Quality is the most important thing to me. So that is where the question came from........Basically I am looking for everyone's opinion on which would be best.


----------



## johnsmithjsg (Nov 17, 2009)

Generally for T Shirts plastisol, High Density, Non - PVC, Pigment Print is cheaper but people use to see this often in market. So go for some other prints. In are interested in Kids T Shirts, Y can't u try Radiant Print ?.


----------



## GAW (Jan 11, 2010)

Not heard of Radiant Print


----------



## johnsmithjsg (Nov 17, 2009)

Radiant Print is same as Radium which looks brighter in dark place.


----------



## GAW (Jan 11, 2010)

Oh ok.....Basically the images I have some are color others are black. Some have more detail then others.

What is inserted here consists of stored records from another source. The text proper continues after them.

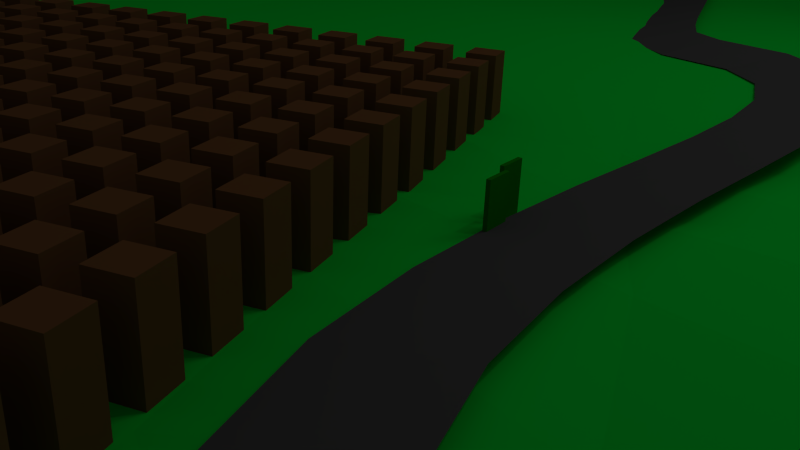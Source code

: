 # Source: Kamerafahrt.blend  (saved by Blender 2.76.0; exported with 4.5.12 LTS)
import bpy
from mathutils import Matrix  # noqa: F401  (used for matrix-valued properties, if any)

bpy.ops.wm.read_factory_settings(use_empty=True)
scene = bpy.context.scene
scene.name = 'Scene'

# ---- collections
col_collection_1 = bpy.data.collections.new('Collection 1'); scene.collection.children.link(col_collection_1)
col_frog = bpy.data.collections.new('frog')  # instanced only; not linked into the scene

# ---- materials (node trees are filled in below, after node groups)
mat_material_001 = bpy.data.materials.new('Material.001')
mat_material_001.alpha_threshold = 0.0
mat_material_001.roughness = 0.5
mat_material_009 = bpy.data.materials.new('Material.009')
mat_material_009.alpha_threshold = 0.0
mat_material_009.roughness = 0.5
mat_material_008 = bpy.data.materials.new('Material.008')
mat_material_008.alpha_threshold = 0.0
mat_material_008.roughness = 0.5
mat_material_005 = bpy.data.materials.new('Material.005')
mat_material_005.alpha_threshold = 0.0
mat_material_005.roughness = 0.5
mat_material_007 = bpy.data.materials.new('Material.007')
mat_material_007.alpha_threshold = 0.0
mat_material_007.roughness = 0.5
mat_material_006 = bpy.data.materials.new('Material.006')
mat_material_006.alpha_threshold = 0.0
mat_material_006.roughness = 0.5
mat_material_003 = bpy.data.materials.new('Material.003')
mat_material_003.alpha_threshold = 0.0
mat_material_003.roughness = 0.5
mat_material = bpy.data.materials.new('Material')
mat_material.alpha_threshold = 0.0
mat_material.diffuse_color = (0.09084, 0.09084, 0.09084, 1.0)
mat_material.roughness = 0.5
mat_material_002 = bpy.data.materials.new('Material.002')
mat_material_002.alpha_threshold = 0.0
mat_material_002.roughness = 0.5

# ---- material node trees
mat_material_001.use_nodes = True; mat_material_001.node_tree.nodes.clear()
_N = mat_material_001.node_tree.nodes; _L = mat_material_001.node_tree.links
n0 = _N.new('ShaderNodeOutputMaterial'); n0.name = 'Material Output'; n0.location = (300, 300)
n1 = _N.new('ShaderNodeBsdfDiffuse'); n1.name = 'Diffuse BSDF'; n1.location = (10, 300)
n1.inputs[0].default_value = (0.1789, 0.07975, 0.03042, 1.0)
_L.new(n1.outputs[0], n0.inputs[0])
n0.is_active_output = True
mat_material_009.use_nodes = True; mat_material_009.node_tree.nodes.clear()
_N = mat_material_009.node_tree.nodes; _L = mat_material_009.node_tree.links
n0 = _N.new('ShaderNodeOutputMaterial'); n0.name = 'Material Output'; n0.location = (300, 300)
n1 = _N.new('ShaderNodeEmission'); n1.name = 'Emission'; n1.location = (10, 300)
n1.inputs[0].default_value = (0.8, 0.8, 0.8, 1.0)
_L.new(n1.outputs[0], n0.inputs[0])
n0.is_active_output = True
mat_material_008.use_nodes = True; mat_material_008.node_tree.nodes.clear()
_N = mat_material_008.node_tree.nodes; _L = mat_material_008.node_tree.links
n0 = _N.new('ShaderNodeOutputMaterial'); n0.name = 'Material Output'; n0.location = (300, 300)
n1 = _N.new('ShaderNodeBsdfDiffuse'); n1.name = 'Diffuse BSDF'; n1.location = (10, 300)
n1.inputs[0].default_value = (0.6815, 0.0, 0.8, 1.0)
_L.new(n1.outputs[0], n0.inputs[0])
n0.is_active_output = True
mat_material_005.use_nodes = True; mat_material_005.node_tree.nodes.clear()
_N = mat_material_005.node_tree.nodes; _L = mat_material_005.node_tree.links
n0 = _N.new('ShaderNodeOutputMaterial'); n0.name = 'Material Output'; n0.location = (300, 300)
n1 = _N.new('ShaderNodeBsdfDiffuse'); n1.name = 'Diffuse BSDF'; n1.location = (10, 300)
n1.inputs[0].default_value = (1.0, 0.9493, 0.0, 1.0)
_L.new(n1.outputs[0], n0.inputs[0])
n0.is_active_output = True
mat_material_007.use_nodes = True; mat_material_007.node_tree.nodes.clear()
_N = mat_material_007.node_tree.nodes; _L = mat_material_007.node_tree.links
n0 = _N.new('ShaderNodeOutputMaterial'); n0.name = 'Material Output'; n0.location = (300, 300)
n1 = _N.new('ShaderNodeBsdfDiffuse'); n1.name = 'Diffuse BSDF'; n1.location = (10, 300)
n1.inputs[0].default_value = (0.02879, 0.0003438, 0.8, 1.0)
_L.new(n1.outputs[0], n0.inputs[0])
n0.is_active_output = True
mat_material_006.use_nodes = True; mat_material_006.node_tree.nodes.clear()
_N = mat_material_006.node_tree.nodes; _L = mat_material_006.node_tree.links
n0 = _N.new('ShaderNodeOutputMaterial'); n0.name = 'Material Output'; n0.location = (300, 300)
n1 = _N.new('ShaderNodeBsdfDiffuse'); n1.name = 'Diffuse BSDF'; n1.location = (10, 300)
n1.inputs[0].default_value = (0.8, 0.477, 0.1495, 1.0)
_L.new(n1.outputs[0], n0.inputs[0])
n0.is_active_output = True
mat_material_003.use_nodes = True; mat_material_003.node_tree.nodes.clear()
_N = mat_material_003.node_tree.nodes; _L = mat_material_003.node_tree.links
n0 = _N.new('ShaderNodeOutputMaterial'); n0.name = 'Material Output'; n0.location = (300, 300)
n1 = _N.new('ShaderNodeBsdfDiffuse'); n1.name = 'Diffuse BSDF'; n1.location = (10, 300)
n1.inputs[0].default_value = (0.008101, 0.2396, 0.0, 1.0)
_L.new(n1.outputs[0], n0.inputs[0])
n0.is_active_output = True
mat_material_002.use_nodes = True; mat_material_002.node_tree.nodes.clear()
_N = mat_material_002.node_tree.nodes; _L = mat_material_002.node_tree.links
n0 = _N.new('ShaderNodeOutputMaterial'); n0.name = 'Material Output'; n0.location = (300, 300)
n1 = _N.new('ShaderNodeBsdfDiffuse'); n1.name = 'Diffuse BSDF'; n1.location = (10, 300)
n1.inputs[0].default_value = (0.004087, 0.8, 0.05048, 1.0)
_L.new(n1.outputs[0], n0.inputs[0])
n0.is_active_output = True

# ---- world
world_world = bpy.data.worlds.new('World'); scene.world = world_world
world_world.color = (0.05088, 0.05088, 0.05088)
world_world.use_sun_shadow = False
world_world.sun_shadow_jitter_overblur = 0.0
world_world.cycles.sampling_method = 'MANUAL'
world_world.cycles.sample_map_resolution = 256

# ---- cameras
cam_camera_009 = bpy.data.cameras.new('Camera.009')
cam_camera_009.clip_end = 100.0
cam_camera_009.lens = 35.0
cam_camera_009.sensor_width = 32.0
cam_camera_009.sensor_height = 18.0
cam_camera_009.display_size = 2.0
cam_camera_009.dof.focus_distance = 0.0
cam_camera_007 = bpy.data.cameras.new('Camera.007')
cam_camera_007.clip_end = 100.0
cam_camera_007.lens = 25.57
cam_camera_007.sensor_width = 32.0
cam_camera_007.sensor_height = 18.0
cam_camera_007.display_size = 2.0
cam_camera_007.dof.focus_distance = 0.0
cam_camera_006 = bpy.data.cameras.new('Camera.006')
cam_camera_006.clip_end = 100.0
cam_camera_006.lens = 35.0
cam_camera_006.sensor_width = 32.0
cam_camera_006.sensor_height = 18.0
cam_camera_006.display_size = 2.0
cam_camera_006.dof.focus_distance = 0.0
cam_camera_005 = bpy.data.cameras.new('Camera.005')
cam_camera_005.clip_end = 100.0
cam_camera_005.lens = 33.0
cam_camera_005.sensor_width = 32.0
cam_camera_005.sensor_height = 18.0
cam_camera_005.display_size = 2.0
cam_camera_005.dof.focus_distance = 0.0
cam_camera_002 = bpy.data.cameras.new('Camera.002')
cam_camera_002.clip_end = 100.0
cam_camera_002.lens = 35.0
cam_camera_002.sensor_width = 32.0
cam_camera_002.sensor_height = 18.0
cam_camera_002.display_size = 2.0
cam_camera_002.dof.focus_distance = 0.0
cam_camera_001 = bpy.data.cameras.new('Camera.001')
cam_camera_001.clip_end = 100.0
cam_camera_001.lens = 35.0
cam_camera_001.sensor_width = 32.0
cam_camera_001.sensor_height = 18.0
cam_camera_001.display_size = 2.0
cam_camera_001.dof.focus_distance = 0.0
cam_camera_003 = bpy.data.cameras.new('Camera.003')
cam_camera_003.clip_end = 100.0
cam_camera_003.lens = 35.0
cam_camera_003.sensor_width = 32.0
cam_camera_003.sensor_height = 18.0
cam_camera_003.display_size = 2.0
cam_camera_003.dof.focus_distance = 0.0
cam_camera_008 = bpy.data.cameras.new('Camera.008')
cam_camera_008.clip_end = 100.0
cam_camera_008.lens = 35.0
cam_camera_008.sensor_width = 32.0
cam_camera_008.sensor_height = 18.0
cam_camera_008.display_size = 2.0
cam_camera_008.dof.focus_distance = 0.0
cam_camera_004 = bpy.data.cameras.new('Camera.004')
cam_camera_004.clip_end = 100.0
cam_camera_004.lens = 25.04
cam_camera_004.sensor_width = 32.0
cam_camera_004.sensor_height = 18.0
cam_camera_004.display_size = 2.0
cam_camera_004.dof.focus_distance = 0.0
cam_camera = bpy.data.cameras.new('Camera')
cam_camera.clip_end = 100.0
cam_camera.lens = 35.0
cam_camera.sensor_width = 32.0
cam_camera.sensor_height = 18.0
cam_camera.ortho_scale = 7.314
cam_camera.dof.focus_distance = 0.0

# ---- lights
light_lamp = bpy.data.lights.new('Lamp', 'POINT')
light_lamp.transmission_factor = 0.0
light_lamp.cutoff_distance = 30.0
light_lamp.energy = 100.0
light_lamp.shadow_buffer_clip_start = 1.001
light_lamp.shadow_soft_size = 0.1
light_lamp.shadow_maximum_resolution = 0.006
light_lamp.use_absolute_resolution = True
light_lamp.cycles.use_multiple_importance_sampling = False

# ---- meshes
me_cube_005 = bpy.data.meshes.new('Cube.005')
me_cube_005.from_pydata([(-1.0, -1.0, -1.0), (-1.0, -1.0, 1.0), (-1.0, 1.0, -1.0), (-1.0, 1.0, 1.0), (1.0, -1.0, -1.0), (1.0, -1.0, 1.0), (1.0, 1.0, -1.0), (1.0, 1.0, 1.0)], [], [(1, 3, 2, 0), (3, 7, 6, 2), (7, 5, 4, 6), (5, 1, 0, 4), (0, 2, 6, 4), (5, 7, 3, 1)])
me_cube_005.materials.append(mat_material_001)
me_cube_005.use_remesh_preserve_volume = False
me_cube_005.use_remesh_preserve_attributes = False
me_cube_005.use_mirror_vertex_groups = False
me_cube_005.update()
me_plane_005 = bpy.data.meshes.new('Plane.005')
me_plane_005.from_pydata([(-1.0, -1.0, 0.0), (1.0, -1.0, 0.0), (-1.0, 1.0, 0.0), (1.0, 1.0, 0.0)], [], [(0, 1, 3, 2)])
me_plane_005.materials.append(mat_material_009)
me_plane_005.use_remesh_preserve_volume = False
me_plane_005.use_remesh_preserve_attributes = False
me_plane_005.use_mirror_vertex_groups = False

I was pointed in the direction of sublimation or plasitsols but I am game for whatever will look the best that fits my budget.


----------



## GAW (Jan 11, 2010)

It will be adult shirts.

Have a few different styles and quanity will very.

Basically its a clothing line I am starting so I will get 1 style here and 1 style there orders.


----------



## GAW (Jan 11, 2010)

I am planning on buying the shirts and pressing myself.

I want to do the work myself as I find it a lot of fun and interesting.


----------



## GAW (Jan 11, 2010)

What? 

I just was trying to get peoples opinion on which is a better transfer and more realistic price wise.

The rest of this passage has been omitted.